Common Name: Wisteria, Chinese


Scientific NameWisteria sinensis (wiss-TER-ee-ah sigh-NEN-sis)


Family: Fagiaceae (Legume) - pea


Deciduous - Sun to part shade - Spacing 8 - 10 inches


White flowering Japanese wisteria. Scientific name: Wisteria floribunda.


HABIT: Fast-growing, twining vine that can grow to great heights. Purple spring flowers.  has white flowers. Japanese wisteria (Wisteria floribunda) has longer flowers that don't open until the foliage is on the plant. Wisteria climbs clockwise.

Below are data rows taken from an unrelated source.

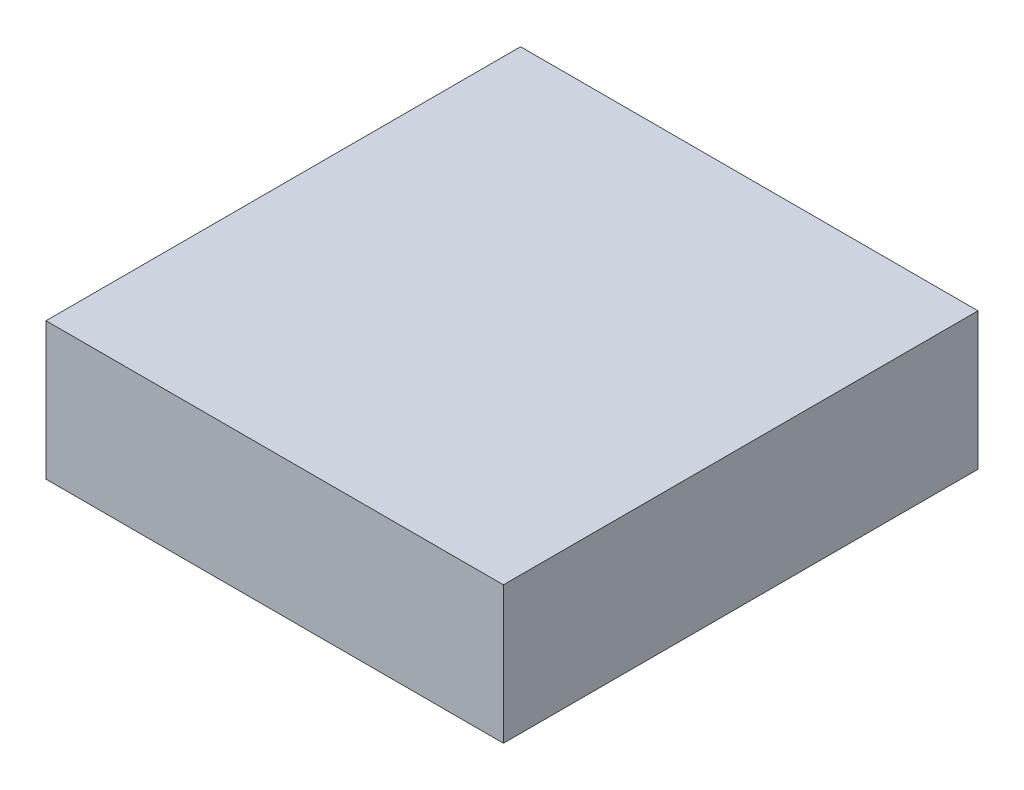
ISO-10303-21;
HEADER;
FILE_DESCRIPTION(('STEP AP214'),'2;1');
FILE_NAME('part.step','',(''),(''),'','','');
FILE_SCHEMA(('AUTOMOTIVE_DESIGN { 1 0 10303 214 1 1 1 1 }'));
ENDSEC;
DATA;
#1=APPLICATION_CONTEXT('core data for automotive mechanical design processes');
#2=APPLICATION_PROTOCOL_DEFINITION('international standard','automotive_design',2000,#1);
#3=PRODUCT_CONTEXT('',#1,'mechanical');
#4=PRODUCT('Part','Part','',(#3));
#5=PRODUCT_RELATED_PRODUCT_CATEGORY('part','',(#4));
#6=PRODUCT_DEFINITION_FORMATION('','',#4);
#7=PRODUCT_DEFINITION_CONTEXT('part definition',#1,'design');
#8=PRODUCT_DEFINITION('design','',#6,#7);
#9=PRODUCT_DEFINITION_SHAPE('','',#8);
#10=(LENGTH_UNIT() NAMED_UNIT(*) SI_UNIT(.MILLI.,.METRE.));
#11=(NAMED_UNIT(*) PLANE_ANGLE_UNIT() SI_UNIT($,.RADIAN.));
#12=(NAMED_UNIT(*) SI_UNIT($,.STERADIAN.) SOLID_ANGLE_UNIT());
#13=UNCERTAINTY_MEASURE_WITH_UNIT(LENGTH_MEASURE(1.E-05),#10,'distance_accuracy_value','');
#14=(GEOMETRIC_REPRESENTATION_CONTEXT(3) GLOBAL_UNCERTAINTY_ASSIGNED_CONTEXT((#13)) GLOBAL_UNIT_ASSIGNED_CONTEXT((#10,
#11,#12)) REPRESENTATION_CONTEXT('',''));
#15=CARTESIAN_POINT('',(0.,0.,0.));
#16=DIRECTION('',(0.,0.,1.));
#17=DIRECTION('',(1.,0.,0.));
#18=AXIS2_PLACEMENT_3D('',#15,#16,#17);
#19=CARTESIAN_POINT('',(0.8,0.48,-0.83));
#20=DIRECTION('',(-1.,0.,0.));
#21=DIRECTION('',(0.,0.,1.));
#22=AXIS2_PLACEMENT_3D('',#19,#20,#21);
#23=PLANE('',#22);
#24=DIRECTION('',(0.,0.,-1.));
#25=VECTOR('',#24,1.);
#26=CARTESIAN_POINT('',(0.8,0.,-0.83));
#27=LINE('',#26,#25);
#28=CARTESIAN_POINT('',(0.8,0.,0.83));
#29=VERTEX_POINT('',#28);
#30=CARTESIAN_POINT('',(0.8,0.,-0.83));
#31=VERTEX_POINT('',#30);
#32=EDGE_CURVE('E99',#29,#31,#27,.T.);
#33=ORIENTED_EDGE('',*,*,#32,.T.);
#34=DIRECTION('',(0.,-1.,0.));
#35=VECTOR('',#34,1.);
#36=CARTESIAN_POINT('',(0.8,0.48,-0.83));
#37=LINE('',#36,#35);
#38=CARTESIAN_POINT('',(0.8,0.48,-0.83));
#39=VERTEX_POINT('',#38);
#40=EDGE_CURVE('E11',#39,#31,#37,.T.);
#41=ORIENTED_EDGE('',*,*,#40,.F.);
#42=DIRECTION('',(0.,0.,-1.));
#43=VECTOR('',#42,1.);
#44=CARTESIAN_POINT('',(0.8,0.48,-0.83));
#45=LINE('',#44,#43);
#46=CARTESIAN_POINT('',(0.8,0.48,0.83));
#47=VERTEX_POINT('',#46);
#48=EDGE_CURVE('E87',#47,#39,#45,.T.);
#49=ORIENTED_EDGE('',*,*,#48,.F.);
#50=DIRECTION('',(0.,-1.,0.));
#51=VECTOR('',#50,1.);
#52=CARTESIAN_POINT('',(0.8,0.48,0.83));
#53=LINE('',#52,#51);
#54=EDGE_CURVE('E95',#47,#29,#53,.T.);
#55=ORIENTED_EDGE('',*,*,#54,.T.);
#56=EDGE_LOOP('',(#33,#41,#49,#55));
#57=FACE_BOUND('',#56,.T.);
#58=ADVANCED_FACE('F36',(#57),#23,.F.);
#59=CARTESIAN_POINT('',(-0.8,0.48,-0.83));
#60=DIRECTION('',(0.,0.,1.));
#61=DIRECTION('',(1.,0.,0.));
#62=AXIS2_PLACEMENT_3D('',#59,#60,#61);
#63=PLANE('',#62);
#64=DIRECTION('',(-1.,0.,0.));
#65=VECTOR('',#64,1.);
#66=CARTESIAN_POINT('',(-0.8,0.,-0.83));
#67=LINE('',#66,#65);
#68=CARTESIAN_POINT('',(-0.8,0.,-0.83));
#69=VERTEX_POINT('',#68);
#70=EDGE_CURVE('E91',#31,#69,#67,.T.);
#71=ORIENTED_EDGE('',*,*,#70,.T.);
#72=DIRECTION('',(0.,-1.,0.));
#73=VECTOR('',#72,1.);
#74=CARTESIAN_POINT('',(-0.8,0.48,-0.83));
#75=LINE('',#74,#73);
#76=CARTESIAN_POINT('',(-0.8,0.48,-0.83));
#77=VERTEX_POINT('',#76);
#78=EDGE_CURVE('E44',#77,#69,#75,.T.);
#79=ORIENTED_EDGE('',*,*,#78,.F.);
#80=DIRECTION('',(-1.,0.,0.));
#81=VECTOR('',#80,1.);
#82=CARTESIAN_POINT('',(-0.8,0.48,-0.83));
#83=LINE('',#82,#81);
#84=EDGE_CURVE('E82',#39,#77,#83,.T.);
#85=ORIENTED_EDGE('',*,*,#84,.F.);
#86=ORIENTED_EDGE('',*,*,#40,.T.);
#87=EDGE_LOOP('',(#71,#79,#85,#86));
#88=FACE_BOUND('',#87,.T.);
#89=ADVANCED_FACE('F90',(#88),#63,.F.);
#90=CARTESIAN_POINT('',(-0.8,0.48,-0.83));
#91=DIRECTION('',(1.,0.,0.));
#92=DIRECTION('',(0.,0.,-1.));
#93=AXIS2_PLACEMENT_3D('',#90,#91,#92);
#94=PLANE('',#93);
#95=DIRECTION('',(0.,0.,1.));
#96=VECTOR('',#95,1.);
#97=CARTESIAN_POINT('',(-0.8,0.,-0.83));
#98=LINE('',#97,#96);
#99=CARTESIAN_POINT('',(-0.8,0.,0.83));
#100=VERTEX_POINT('',#99);
#101=EDGE_CURVE('E69',#69,#100,#98,.T.);
#102=ORIENTED_EDGE('',*,*,#101,.T.);
#103=DIRECTION('',(0.,-1.,0.));
#104=VECTOR('',#103,1.);
#105=CARTESIAN_POINT('',(-0.8,0.48,0.83));
#106=LINE('',#105,#104);
#107=CARTESIAN_POINT('',(-0.8,0.48,0.83));
#108=VERTEX_POINT('',#107);
#109=EDGE_CURVE('E92',#108,#100,#106,.T.);
#110=ORIENTED_EDGE('',*,*,#109,.F.);
#111=DIRECTION('',(0.,0.,1.));
#112=VECTOR('',#111,1.);
#113=CARTESIAN_POINT('',(-0.8,0.48,-0.83));
#114=LINE('',#113,#112);
#115=EDGE_CURVE('E85',#77,#108,#114,.T.);
#116=ORIENTED_EDGE('',*,*,#115,.F.);
#117=ORIENTED_EDGE('',*,*,#78,.T.);
#118=EDGE_LOOP('',(#102,#110,#116,#117));
#119=FACE_BOUND('',#118,.T.);
#120=ADVANCED_FACE('F93',(#119),#94,.F.);
#121=CARTESIAN_POINT('',(-0.8,0.48,0.83));
#122=DIRECTION('',(0.,0.,-1.));
#123=DIRECTION('',(-1.,0.,0.));
#124=AXIS2_PLACEMENT_3D('',#121,#122,#123);
#125=PLANE('',#124);
#126=DIRECTION('',(1.,0.,0.));
#127=VECTOR('',#126,1.);
#128=CARTESIAN_POINT('',(-0.8,0.,0.83));
#129=LINE('',#128,#127);
#130=EDGE_CURVE('E75',#100,#29,#129,.T.);
#131=ORIENTED_EDGE('',*,*,#130,.T.);
#132=ORIENTED_EDGE('',*,*,#54,.F.);
#133=DIRECTION('',(1.,0.,0.));
#134=VECTOR('',#133,1.);
#135=CARTESIAN_POINT('',(-0.8,0.48,0.83));
#136=LINE('',#135,#134);
#137=EDGE_CURVE('E52',#108,#47,#136,.T.);
#138=ORIENTED_EDGE('',*,*,#137,.F.);
#139=ORIENTED_EDGE('',*,*,#109,.T.);
#140=EDGE_LOOP('',(#131,#132,#138,#139));
#141=FACE_BOUND('',#140,.T.);
#142=ADVANCED_FACE('F106',(#141),#125,.F.);
#143=CARTESIAN_POINT('',(0.,0.48,0.));
#144=DIRECTION('',(0.,1.,0.));
#145=DIRECTION('',(0.,0.,1.));
#146=AXIS2_PLACEMENT_3D('',#143,#144,#145);
#147=PLANE('',#146);
#148=ORIENTED_EDGE('',*,*,#48,.T.);
#149=ORIENTED_EDGE('',*,*,#84,.T.);
#150=ORIENTED_EDGE('',*,*,#115,.T.);
#151=ORIENTED_EDGE('',*,*,#137,.T.);
#152=EDGE_LOOP('',(#148,#149,#150,#151));
#153=FACE_BOUND('',#152,.T.);
#154=ADVANCED_FACE('F83',(#153),#147,.T.);
#155=CARTESIAN_POINT('',(0.,0.,0.));
#156=DIRECTION('',(0.,1.,0.));
#157=DIRECTION('',(0.,0.,1.));
#158=AXIS2_PLACEMENT_3D('',#155,#156,#157);
#159=PLANE('',#158);
#160=ORIENTED_EDGE('',*,*,#32,.F.);
#161=ORIENTED_EDGE('',*,*,#130,.F.);
#162=ORIENTED_EDGE('',*,*,#101,.F.);
#163=ORIENTED_EDGE('',*,*,#70,.F.);
#164=EDGE_LOOP('',(#160,#161,#162,#163));
#165=FACE_BOUND('',#164,.T.);
#166=ADVANCED_FACE('F109',(#165),#159,.F.);
#167=CLOSED_SHELL('',(#58,#89,#120,#142,#154,#166));
#168=MANIFOLD_SOLID_BREP('B2',#167);
#169=ADVANCED_BREP_SHAPE_REPRESENTATION('',(#18,#168),#14);
#170=SHAPE_DEFINITION_REPRESENTATION(#9,#169);
ENDSEC;
END-ISO-10303-21;

CULTURE: Loose, well-drained highly organic soil. Moderate water and fertilizer. Easy to grow in any soil.




USES: Climbing vine for arbor, fence, or wall. Spring flowers.


PROBLEMS: A few caterpillar attacks. Can take over if not pruned to keep in shape. Grasshoppers. Now classed as invasive in many states.

Texas Invasive Species Institute information list (National Park Service)
USDA Forest Service plant information and fire management details

Note from the University of Florida Wisteria page is that there are native non-invasive wisteria (follow the link for more information, but don't follow their glyphosate tip for removal):

For those who wish to incorporate flowering vines into your yard, do your landscape and the environment a favor and find a nursery that can recommend a non-invasive plant. Another good reference is the EDIS publication "Flowering Vines for Florida," which provides photos, information on growing regions, and flowering times on a number of flowering vines ideal for Florida landscapes.

American wisteria (Wisteria frutescens) and evergreen wisteria (Millettia reticulata) are two lovely, non-invasive options for your home landscape. The native American wisteria cultivar 'Amethyst Falls' has deep blue/purple flowers and blooms in the spring and summer. The blooms may not be quite as fragrant, but won't need the constant pruning and caution associated with Chinese or Japanese wisterias.

An added bonus, American wisteria is a larval host plant to both the silver-spotted skipper and the long-tailed skipper butterflies. American wisteria is only hardy in USDA zones 5 to 9, so it will not perform well in all parts of Florida.


NOTES: Most wisteria are native to China. Many gardeners have difficulty getting wisteria to bloom.